=== Section Start ===

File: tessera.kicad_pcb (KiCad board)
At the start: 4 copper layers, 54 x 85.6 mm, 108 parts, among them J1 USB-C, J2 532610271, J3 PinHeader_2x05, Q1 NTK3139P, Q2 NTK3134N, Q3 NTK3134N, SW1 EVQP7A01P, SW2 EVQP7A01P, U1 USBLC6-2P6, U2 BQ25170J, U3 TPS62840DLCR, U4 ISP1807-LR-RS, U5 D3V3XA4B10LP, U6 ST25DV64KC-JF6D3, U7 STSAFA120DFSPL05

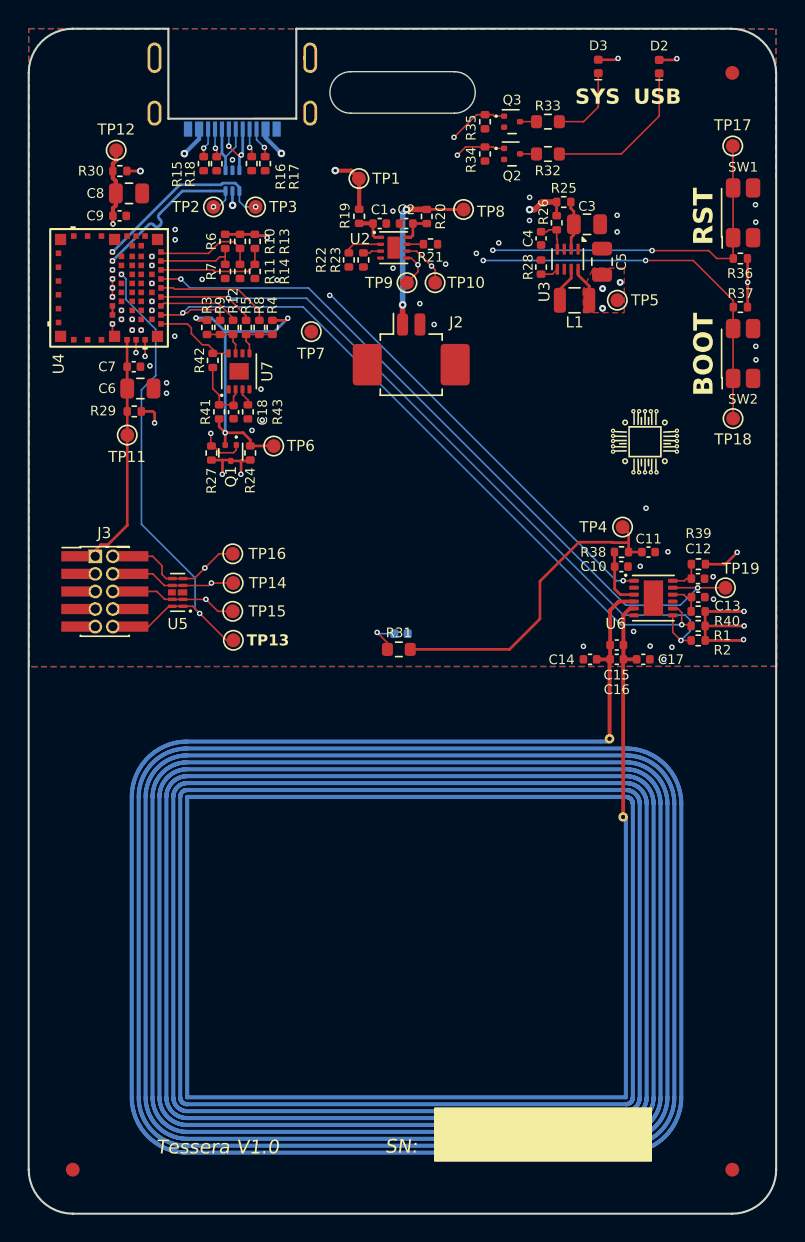
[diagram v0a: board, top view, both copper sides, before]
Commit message: fix(hardware): tighten PCB edge clearance and diff-pair rules, update logo
- Bump lib submodule: assign IPNs to another batch of approved
  capacitor selections
- Update the embedded logo artwork on every schematic sheet to the
  new Logos/logo.png
- Increase min_copper_edge_clearance to 0.5mm and raise net class
  clearance/spacing to match
- Replace the generic outer/inner-layer trace width & spacing rules
  with a dedicated "USB Diff Pair clearance to other nets" rule
  (0.2023mm, excluding intra-pair spacing already governed by the
  netclass diff_pair_gap)
- Add DRC exclusions for pre-existing clearance/copper-edge/solder-
  mask-bridge items surfaced by the tightened edge-clearance rule
- Continue schematic placement and PCB routing/placement
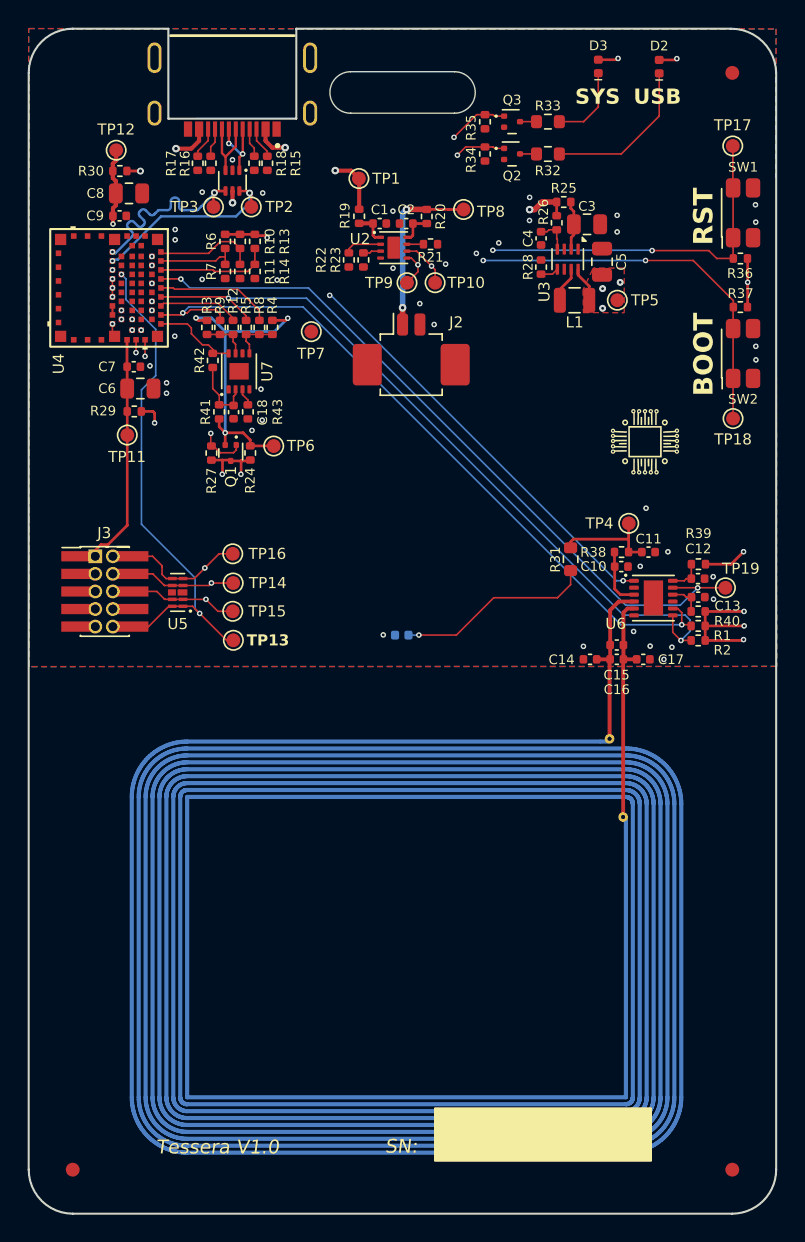
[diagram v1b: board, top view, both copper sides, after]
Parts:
- J1, U1: moved to F.Cu
- moved R31 14.0 mm to (162.2, 88.4), turned to -90 degrees
- moved R17 4.87 mm to (135.3, 59.8)
- moved R15 4.60 mm to (140.3, 59.8)
- moved TP3 3.05 mm to (136.4, 63.0)
- moved R16 2.96 mm to (136.2, 59.8)
- moved TP2 2.74 mm to (139.1, 63.0)
- moved R18 2.72 mm to (139.3, 59.8)
- moved TP4 0.52 mm to (166.4, 85.8)
- moved D1 0.12 mm to (150.0, 93.9), turned to 0 degrees
- turned J1 to 180 degrees
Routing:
- net VCC_EH: track 23.5 -> 7.75 mm
- net Net-(D1-A): track 2.81 -> 14.2 mm
- net /Project Architecture/D-: track 12.7 -> 14.2 mm
- net /Project Architecture/D+: track 13.7 -> 15.1 mm
- net VBUS: track 10.6 -> 11.2 mm
- net Net-(J1-SBU2): track 2.12 -> 2.28 mm, vias 1 -> 0
- net /Project Architecture/USB/USB_D+: track 5.48 -> 5.38 mm, vias 2 -> 0
- net Net-(J1-CC1): track 2.04 -> 2.10 mm, vias 1 -> 0
- net Net-(J1-SBU1): track 2.05 -> 2.09 mm, vias 1 -> 0
- net Net-(J1-CC2): track 2.24 -> 2.27 mm, vias 1 -> 0
- net /Project Architecture/USB/USB_D-: track 5.41 -> 5.43 mm, vias 0 -> 2
- net GND: vias 43 -> 46

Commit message: feat(hardware): add fiducial markers on bottom layer, add via stich and teardrops
- Add FIDUCIAL_D1_0mm_Mask_2_0mm reference marks to Project
  Architecture.kicad_sch and place the corresponding
  Fiducial_1mm_Mask2mm footprints on the PCB (for pick & place
  alignment)
- Added via stiching network
- Added teardrops
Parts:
- added MECH4: FIDUCIAL, Mechanical:Fiducial_1mm_Mask2mm, B.Cu at (126.2, 132.5)
- added MECH5: FIDUCIAL, Mechanical:Fiducial_1mm_Mask2mm, B.Cu at (173.9, 53.3)
- added MECH6: FIDUCIAL, Mechanical:Fiducial_1mm_Mask2mm, B.Cu at (173.9, 132.5)
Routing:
- net VCC: track 164.2 -> 164.1 mm, vias 14 -> 15
- net GND: vias 46 -> 216
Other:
- board text added: "{ "ViaStitching": "0.2", "GND": { "HSpacing": "2.54", "VSpacing": "2.54", "Clearance": "0", "Randomize": false } }"
- board text removed: "{ "ViaStitching": "0.2", "GND": { "HSpacing": "2", "VSpacing": "2", "Clearance": "0", "Randomize": false } }"

=== Section End ===

- _Exercise brief_:
For an answer, give a copy of every line in the listing that holds the word "HSpacing".

- _Response for this exercise_:
- board text added: "{ "ViaStitching": "0.2", "GND": { "HSpacing": "2.54", "VSpacing": "2.54", "Clearance": "0", "Randomize": false } }"
- board text removed: "{ "ViaStitching": "0.2", "GND": { "HSpacing": "2", "VSpacing": "2", "Clearance": "0", "Randomize": false } }"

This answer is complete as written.